In the gym on the other side of the street, the ballet group had finished their practice session for the day. The participants were now standing around in small groups talking, but some were already on their way out to the changing rooms. I shifted my gaze back again. ‘So you think it’s a result of the upheaval of puberty, in other words?’

‘Yes.’ He looked at me aloofly. ‘And, of course, the family
situation
at present, well, I assume you know about it.’

‘I know that your wife and you have separated, yes.’

‘That obviously hasn’t helped.’

‘No. What do the police say?’

‘Oh, you know how much they say. So long as no one has
officially
been reported missing, then …’

‘Who was it you spoke to in the police?’

‘Oh, I’m not sure I really want to divulge my contacts to you.’

‘Afraid I might steal them, are you?’

‘At any rate, they’re people in very responsible positions, Veum.’

‘So … there’s nothing else you have to tell me, in other words?’

‘Not that I can – think of.’

‘Do you know the names of any of your daughter’s boyfriends?’

He shook his head.

‘Girlfriends, then?’

‘No, I … apart from Åsa, that is; they’ve been friends since they were little.’

‘Yes, I realise that. What about a girl called Astrid?’

‘No, can’t remember that one …’

‘Well, in that case, I won’t trouble you any further.’ I stood up.
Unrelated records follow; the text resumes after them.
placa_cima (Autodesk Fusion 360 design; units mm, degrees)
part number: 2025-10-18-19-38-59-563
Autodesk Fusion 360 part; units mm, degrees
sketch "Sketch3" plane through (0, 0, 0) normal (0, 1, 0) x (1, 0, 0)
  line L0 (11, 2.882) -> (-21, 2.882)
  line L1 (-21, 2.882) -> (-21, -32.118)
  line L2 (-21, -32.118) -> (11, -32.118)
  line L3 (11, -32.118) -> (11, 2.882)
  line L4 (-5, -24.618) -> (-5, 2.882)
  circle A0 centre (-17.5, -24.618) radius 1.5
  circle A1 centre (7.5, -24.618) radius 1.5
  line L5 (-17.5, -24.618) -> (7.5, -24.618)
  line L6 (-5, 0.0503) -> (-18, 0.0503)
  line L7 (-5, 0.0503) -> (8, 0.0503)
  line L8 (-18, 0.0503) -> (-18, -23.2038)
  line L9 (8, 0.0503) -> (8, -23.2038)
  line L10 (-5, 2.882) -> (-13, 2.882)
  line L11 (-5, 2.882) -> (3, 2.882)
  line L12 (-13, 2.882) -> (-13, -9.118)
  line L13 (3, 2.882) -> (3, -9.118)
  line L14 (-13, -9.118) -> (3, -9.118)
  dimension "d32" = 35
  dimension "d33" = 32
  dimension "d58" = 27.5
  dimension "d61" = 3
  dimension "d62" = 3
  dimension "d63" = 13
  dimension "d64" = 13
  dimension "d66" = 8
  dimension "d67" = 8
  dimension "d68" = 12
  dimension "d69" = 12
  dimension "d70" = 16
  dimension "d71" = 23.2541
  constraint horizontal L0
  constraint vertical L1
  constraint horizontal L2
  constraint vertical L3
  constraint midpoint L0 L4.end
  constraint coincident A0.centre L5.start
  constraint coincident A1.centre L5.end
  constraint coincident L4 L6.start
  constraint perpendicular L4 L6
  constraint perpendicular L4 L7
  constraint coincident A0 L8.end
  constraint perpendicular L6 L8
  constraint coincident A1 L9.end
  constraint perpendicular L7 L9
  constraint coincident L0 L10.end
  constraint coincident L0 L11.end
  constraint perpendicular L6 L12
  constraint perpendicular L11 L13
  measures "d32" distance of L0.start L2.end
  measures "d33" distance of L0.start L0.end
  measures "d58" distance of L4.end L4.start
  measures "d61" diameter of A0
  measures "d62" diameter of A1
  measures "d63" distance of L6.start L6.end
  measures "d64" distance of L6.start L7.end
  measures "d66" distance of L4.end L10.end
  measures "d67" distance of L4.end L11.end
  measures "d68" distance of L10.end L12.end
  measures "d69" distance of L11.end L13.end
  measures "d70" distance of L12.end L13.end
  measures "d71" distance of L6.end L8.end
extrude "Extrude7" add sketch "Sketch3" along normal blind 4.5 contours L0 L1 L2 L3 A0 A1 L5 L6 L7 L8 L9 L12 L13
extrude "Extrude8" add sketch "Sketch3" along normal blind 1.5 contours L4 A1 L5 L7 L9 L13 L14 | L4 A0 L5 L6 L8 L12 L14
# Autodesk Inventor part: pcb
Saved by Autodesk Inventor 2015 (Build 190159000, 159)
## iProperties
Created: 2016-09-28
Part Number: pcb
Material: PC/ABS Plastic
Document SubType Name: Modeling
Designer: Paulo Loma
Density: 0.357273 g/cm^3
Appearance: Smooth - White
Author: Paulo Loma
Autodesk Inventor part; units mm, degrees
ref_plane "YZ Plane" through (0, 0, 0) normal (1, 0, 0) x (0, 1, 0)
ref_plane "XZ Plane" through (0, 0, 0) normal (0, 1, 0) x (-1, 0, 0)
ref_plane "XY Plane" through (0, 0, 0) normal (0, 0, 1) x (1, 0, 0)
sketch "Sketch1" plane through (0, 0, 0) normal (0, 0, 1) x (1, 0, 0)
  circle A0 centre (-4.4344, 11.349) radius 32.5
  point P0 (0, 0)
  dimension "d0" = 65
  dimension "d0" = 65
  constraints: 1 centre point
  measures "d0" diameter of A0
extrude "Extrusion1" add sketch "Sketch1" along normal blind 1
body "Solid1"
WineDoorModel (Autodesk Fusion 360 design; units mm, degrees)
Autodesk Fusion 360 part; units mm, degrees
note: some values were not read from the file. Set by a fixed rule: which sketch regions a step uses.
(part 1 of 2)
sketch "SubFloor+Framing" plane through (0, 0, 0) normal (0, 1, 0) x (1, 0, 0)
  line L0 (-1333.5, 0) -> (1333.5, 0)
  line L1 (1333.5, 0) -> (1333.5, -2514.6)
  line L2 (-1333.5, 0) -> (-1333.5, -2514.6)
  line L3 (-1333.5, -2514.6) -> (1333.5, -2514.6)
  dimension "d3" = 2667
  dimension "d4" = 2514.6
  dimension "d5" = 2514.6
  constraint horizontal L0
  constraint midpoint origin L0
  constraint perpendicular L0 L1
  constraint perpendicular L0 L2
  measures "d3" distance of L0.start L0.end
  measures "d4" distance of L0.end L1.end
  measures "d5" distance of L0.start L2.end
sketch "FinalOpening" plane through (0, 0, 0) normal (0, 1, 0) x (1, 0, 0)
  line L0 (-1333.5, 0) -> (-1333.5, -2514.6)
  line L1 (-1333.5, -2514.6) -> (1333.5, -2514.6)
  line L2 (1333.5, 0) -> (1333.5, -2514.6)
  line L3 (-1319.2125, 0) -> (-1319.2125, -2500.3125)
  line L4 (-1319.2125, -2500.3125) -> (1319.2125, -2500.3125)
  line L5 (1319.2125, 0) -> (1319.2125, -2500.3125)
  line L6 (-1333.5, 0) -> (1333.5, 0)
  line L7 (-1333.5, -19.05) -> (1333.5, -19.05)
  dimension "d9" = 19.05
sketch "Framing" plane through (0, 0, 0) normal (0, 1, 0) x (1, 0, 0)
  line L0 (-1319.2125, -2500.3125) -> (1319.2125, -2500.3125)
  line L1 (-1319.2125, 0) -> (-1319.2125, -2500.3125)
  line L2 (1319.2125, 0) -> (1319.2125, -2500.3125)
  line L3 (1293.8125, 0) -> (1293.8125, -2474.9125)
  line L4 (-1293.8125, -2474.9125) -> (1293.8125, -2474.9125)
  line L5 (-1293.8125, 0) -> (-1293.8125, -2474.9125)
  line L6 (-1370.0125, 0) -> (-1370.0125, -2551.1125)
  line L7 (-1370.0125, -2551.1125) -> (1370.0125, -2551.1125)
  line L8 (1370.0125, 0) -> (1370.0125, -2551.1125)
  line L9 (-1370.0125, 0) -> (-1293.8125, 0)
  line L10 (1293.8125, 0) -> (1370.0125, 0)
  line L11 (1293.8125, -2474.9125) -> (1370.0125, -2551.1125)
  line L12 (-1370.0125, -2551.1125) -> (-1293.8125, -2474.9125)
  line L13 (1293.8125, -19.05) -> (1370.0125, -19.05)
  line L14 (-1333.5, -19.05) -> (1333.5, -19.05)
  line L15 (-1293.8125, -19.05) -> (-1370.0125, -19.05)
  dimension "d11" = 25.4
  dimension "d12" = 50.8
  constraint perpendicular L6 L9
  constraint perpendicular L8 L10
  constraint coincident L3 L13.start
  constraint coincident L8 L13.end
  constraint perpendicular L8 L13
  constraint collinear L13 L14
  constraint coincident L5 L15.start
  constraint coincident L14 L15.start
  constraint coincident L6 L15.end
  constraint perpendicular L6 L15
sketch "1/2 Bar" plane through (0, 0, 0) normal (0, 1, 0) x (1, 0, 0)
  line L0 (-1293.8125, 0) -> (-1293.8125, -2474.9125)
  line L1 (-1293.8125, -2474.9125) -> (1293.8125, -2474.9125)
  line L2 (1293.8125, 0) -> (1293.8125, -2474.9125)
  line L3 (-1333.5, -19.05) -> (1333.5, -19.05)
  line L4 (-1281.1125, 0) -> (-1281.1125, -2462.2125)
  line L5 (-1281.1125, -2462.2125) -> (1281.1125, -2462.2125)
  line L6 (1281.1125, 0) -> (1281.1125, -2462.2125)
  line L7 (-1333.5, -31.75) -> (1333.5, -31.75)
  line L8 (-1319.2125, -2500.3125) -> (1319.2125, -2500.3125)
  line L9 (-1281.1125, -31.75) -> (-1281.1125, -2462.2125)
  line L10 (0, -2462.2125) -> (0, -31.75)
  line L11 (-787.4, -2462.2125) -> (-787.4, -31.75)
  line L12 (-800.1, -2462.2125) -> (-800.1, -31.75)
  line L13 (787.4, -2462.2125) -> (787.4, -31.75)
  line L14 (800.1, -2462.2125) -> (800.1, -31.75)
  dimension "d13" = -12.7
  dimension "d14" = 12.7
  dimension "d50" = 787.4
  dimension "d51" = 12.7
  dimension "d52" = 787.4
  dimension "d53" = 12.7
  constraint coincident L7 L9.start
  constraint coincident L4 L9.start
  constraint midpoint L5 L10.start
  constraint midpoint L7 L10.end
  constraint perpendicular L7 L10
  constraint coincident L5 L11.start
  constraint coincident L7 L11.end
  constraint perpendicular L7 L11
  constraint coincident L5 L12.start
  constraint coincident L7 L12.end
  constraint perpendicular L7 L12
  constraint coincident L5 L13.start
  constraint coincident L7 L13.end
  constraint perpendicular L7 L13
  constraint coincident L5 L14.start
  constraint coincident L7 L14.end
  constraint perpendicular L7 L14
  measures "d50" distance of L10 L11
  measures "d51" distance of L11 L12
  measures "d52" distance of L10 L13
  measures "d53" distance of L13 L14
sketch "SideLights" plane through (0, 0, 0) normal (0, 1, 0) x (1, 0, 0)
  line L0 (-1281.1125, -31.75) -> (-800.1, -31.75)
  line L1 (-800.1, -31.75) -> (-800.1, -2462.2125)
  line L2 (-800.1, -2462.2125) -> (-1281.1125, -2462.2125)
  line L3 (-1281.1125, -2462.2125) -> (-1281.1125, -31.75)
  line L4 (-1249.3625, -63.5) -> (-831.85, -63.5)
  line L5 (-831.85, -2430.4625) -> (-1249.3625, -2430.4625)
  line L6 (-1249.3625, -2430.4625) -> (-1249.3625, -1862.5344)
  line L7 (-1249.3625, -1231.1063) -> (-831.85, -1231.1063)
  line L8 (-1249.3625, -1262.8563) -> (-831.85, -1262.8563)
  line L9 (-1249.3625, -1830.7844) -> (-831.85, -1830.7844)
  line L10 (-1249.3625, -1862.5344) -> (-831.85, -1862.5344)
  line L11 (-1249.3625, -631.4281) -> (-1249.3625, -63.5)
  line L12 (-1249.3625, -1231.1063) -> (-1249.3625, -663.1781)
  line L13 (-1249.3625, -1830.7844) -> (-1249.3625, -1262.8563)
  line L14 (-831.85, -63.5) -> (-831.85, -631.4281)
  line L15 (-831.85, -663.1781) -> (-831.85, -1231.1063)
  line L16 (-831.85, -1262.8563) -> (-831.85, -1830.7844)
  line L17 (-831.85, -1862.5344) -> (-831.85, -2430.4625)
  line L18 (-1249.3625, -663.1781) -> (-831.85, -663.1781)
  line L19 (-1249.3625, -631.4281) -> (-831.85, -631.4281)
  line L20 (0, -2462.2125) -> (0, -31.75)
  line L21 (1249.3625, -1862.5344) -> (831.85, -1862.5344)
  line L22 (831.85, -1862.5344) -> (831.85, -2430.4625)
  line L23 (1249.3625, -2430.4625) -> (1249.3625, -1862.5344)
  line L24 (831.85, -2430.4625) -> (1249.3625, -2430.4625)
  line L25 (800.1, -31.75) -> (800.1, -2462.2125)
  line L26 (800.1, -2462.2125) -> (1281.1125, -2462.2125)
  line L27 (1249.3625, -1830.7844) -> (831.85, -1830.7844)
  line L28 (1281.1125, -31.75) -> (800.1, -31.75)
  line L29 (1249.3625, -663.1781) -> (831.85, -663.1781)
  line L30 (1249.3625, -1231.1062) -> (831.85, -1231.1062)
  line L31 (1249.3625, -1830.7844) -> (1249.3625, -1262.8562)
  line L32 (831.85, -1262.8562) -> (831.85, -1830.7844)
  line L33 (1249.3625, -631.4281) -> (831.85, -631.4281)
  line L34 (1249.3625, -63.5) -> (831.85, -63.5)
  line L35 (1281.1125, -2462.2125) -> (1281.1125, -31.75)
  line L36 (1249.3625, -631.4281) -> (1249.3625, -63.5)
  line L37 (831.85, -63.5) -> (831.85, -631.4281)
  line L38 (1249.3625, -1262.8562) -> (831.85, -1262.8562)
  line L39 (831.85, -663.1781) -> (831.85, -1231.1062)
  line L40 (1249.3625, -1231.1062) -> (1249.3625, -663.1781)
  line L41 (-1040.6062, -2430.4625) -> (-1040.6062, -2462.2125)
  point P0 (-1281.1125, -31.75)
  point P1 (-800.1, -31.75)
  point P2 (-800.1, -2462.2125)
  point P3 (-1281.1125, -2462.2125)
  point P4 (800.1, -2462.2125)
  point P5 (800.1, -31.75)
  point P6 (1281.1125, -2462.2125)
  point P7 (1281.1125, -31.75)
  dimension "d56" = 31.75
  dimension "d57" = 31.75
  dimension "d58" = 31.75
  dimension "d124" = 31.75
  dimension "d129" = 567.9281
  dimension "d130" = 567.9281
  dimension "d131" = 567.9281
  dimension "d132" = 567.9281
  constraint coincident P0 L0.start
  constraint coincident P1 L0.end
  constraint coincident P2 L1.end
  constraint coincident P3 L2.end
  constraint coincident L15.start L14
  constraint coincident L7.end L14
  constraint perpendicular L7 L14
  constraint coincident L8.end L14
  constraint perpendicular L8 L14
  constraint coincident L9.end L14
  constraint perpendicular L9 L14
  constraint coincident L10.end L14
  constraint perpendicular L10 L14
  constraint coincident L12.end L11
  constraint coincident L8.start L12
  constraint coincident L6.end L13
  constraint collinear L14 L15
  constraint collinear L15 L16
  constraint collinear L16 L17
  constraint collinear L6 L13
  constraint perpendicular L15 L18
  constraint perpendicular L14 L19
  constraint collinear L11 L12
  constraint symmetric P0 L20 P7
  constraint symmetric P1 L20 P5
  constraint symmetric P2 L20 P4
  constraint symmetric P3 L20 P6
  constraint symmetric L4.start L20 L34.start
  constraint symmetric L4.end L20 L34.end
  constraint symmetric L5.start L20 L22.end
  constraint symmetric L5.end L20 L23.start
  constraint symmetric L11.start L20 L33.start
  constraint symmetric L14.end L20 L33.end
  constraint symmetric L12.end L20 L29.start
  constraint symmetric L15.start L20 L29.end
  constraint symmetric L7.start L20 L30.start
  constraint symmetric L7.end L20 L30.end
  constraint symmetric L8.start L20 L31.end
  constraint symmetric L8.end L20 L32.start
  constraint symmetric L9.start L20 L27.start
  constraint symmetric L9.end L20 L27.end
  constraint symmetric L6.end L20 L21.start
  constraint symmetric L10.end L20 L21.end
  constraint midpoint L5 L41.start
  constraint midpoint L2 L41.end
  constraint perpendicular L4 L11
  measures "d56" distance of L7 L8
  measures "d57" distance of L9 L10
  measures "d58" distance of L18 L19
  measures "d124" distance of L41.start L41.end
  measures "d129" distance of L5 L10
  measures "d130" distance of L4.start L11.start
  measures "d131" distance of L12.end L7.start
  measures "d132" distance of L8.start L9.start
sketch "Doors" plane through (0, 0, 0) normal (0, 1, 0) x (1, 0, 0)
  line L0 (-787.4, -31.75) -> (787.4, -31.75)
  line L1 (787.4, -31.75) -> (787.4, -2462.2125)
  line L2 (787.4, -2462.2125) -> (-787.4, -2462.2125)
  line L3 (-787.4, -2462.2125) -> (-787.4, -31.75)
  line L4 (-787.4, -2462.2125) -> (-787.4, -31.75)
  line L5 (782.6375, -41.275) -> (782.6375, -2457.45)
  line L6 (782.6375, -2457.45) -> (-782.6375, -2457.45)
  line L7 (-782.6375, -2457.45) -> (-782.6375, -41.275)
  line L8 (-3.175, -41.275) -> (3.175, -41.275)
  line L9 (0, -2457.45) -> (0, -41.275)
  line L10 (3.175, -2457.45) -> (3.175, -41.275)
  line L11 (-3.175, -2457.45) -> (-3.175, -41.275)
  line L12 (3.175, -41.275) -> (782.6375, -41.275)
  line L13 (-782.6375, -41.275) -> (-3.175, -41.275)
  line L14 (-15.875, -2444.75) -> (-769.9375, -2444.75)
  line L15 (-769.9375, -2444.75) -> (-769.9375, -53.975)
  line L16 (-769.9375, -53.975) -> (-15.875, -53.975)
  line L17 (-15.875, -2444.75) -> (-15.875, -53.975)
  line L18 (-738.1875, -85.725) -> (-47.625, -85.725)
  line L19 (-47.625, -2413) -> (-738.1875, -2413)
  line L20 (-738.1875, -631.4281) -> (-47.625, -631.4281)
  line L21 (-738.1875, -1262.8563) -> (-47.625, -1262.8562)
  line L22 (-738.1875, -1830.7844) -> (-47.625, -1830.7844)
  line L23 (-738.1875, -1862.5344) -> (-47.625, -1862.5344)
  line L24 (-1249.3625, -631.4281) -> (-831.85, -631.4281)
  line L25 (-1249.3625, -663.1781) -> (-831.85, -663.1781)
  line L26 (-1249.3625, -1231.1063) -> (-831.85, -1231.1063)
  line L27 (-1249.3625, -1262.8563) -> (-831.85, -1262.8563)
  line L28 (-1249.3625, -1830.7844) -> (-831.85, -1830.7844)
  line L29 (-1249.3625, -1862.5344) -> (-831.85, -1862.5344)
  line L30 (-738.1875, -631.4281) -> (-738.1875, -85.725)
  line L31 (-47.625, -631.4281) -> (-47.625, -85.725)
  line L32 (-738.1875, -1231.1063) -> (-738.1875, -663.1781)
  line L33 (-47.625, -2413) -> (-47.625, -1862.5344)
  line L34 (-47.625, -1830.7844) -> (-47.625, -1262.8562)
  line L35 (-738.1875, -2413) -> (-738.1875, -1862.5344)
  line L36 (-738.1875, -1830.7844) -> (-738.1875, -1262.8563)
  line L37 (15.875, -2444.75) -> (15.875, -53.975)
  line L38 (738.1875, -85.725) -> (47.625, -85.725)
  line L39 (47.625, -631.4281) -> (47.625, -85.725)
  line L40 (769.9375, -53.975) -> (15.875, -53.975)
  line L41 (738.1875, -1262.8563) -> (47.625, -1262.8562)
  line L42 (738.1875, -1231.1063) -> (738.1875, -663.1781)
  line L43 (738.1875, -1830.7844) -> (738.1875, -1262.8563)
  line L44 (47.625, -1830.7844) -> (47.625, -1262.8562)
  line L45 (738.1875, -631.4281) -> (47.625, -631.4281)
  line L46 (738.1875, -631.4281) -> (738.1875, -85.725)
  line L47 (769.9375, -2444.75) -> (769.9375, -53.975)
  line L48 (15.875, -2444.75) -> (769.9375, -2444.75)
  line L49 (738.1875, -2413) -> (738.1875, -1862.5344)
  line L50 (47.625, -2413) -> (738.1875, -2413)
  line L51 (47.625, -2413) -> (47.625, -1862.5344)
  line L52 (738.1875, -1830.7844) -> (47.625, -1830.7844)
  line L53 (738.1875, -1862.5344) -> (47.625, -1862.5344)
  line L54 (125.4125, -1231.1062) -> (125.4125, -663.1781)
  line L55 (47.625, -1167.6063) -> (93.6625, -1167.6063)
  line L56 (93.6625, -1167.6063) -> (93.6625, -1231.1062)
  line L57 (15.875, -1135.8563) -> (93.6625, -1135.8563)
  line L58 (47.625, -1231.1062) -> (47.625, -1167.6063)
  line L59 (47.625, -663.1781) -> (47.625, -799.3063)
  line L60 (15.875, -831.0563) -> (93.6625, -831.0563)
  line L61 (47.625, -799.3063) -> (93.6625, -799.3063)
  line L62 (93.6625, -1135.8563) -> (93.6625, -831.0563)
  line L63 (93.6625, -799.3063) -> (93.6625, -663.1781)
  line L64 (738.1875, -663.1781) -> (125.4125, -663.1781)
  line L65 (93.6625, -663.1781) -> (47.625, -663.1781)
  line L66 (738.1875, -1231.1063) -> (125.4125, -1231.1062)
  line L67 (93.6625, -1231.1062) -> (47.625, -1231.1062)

He accompanied me to the door. ‘You’re not troubling me, Veum! Don’t get me wrong … I’m just as concerned as Sidsel about Torild’s disappearing act …’

Just
as concerned? I thought.

‘… but I – it’s not my area of responsibility, as I’ve told you, I just can’t, there are so many other things I have to … And it’ll all turn out OK in the end, won’t it?’

‘Yes, it probably will.’

‘Who … er, has Sidsel enough money to pay for this? I mean, your fee …’

‘Yes.’

‘Oh, because if not … I’ll have a word with her. Don’t bother about it, Veum.’

‘To tell the truth, Skagestøl, that’s the least of my worries.’

‘Oh?’ We’d stopped in front of the lift. ‘Well, then … Good luck. And if there’s anything else, just get back to me!’

‘Thanks.’

He gave me a quick smile and was already on his way back to his office before the lift arrived.

When I came out onto the pavement I noticed a woman coming out of a door on the other side of the street, red in the face and with her hair all over the place. She looked furtively both ways before buttoning her coat collar round her neck and rushing off almost as though she was coming from a secret rendezvous. But it was probably just the end of the ballet lesson.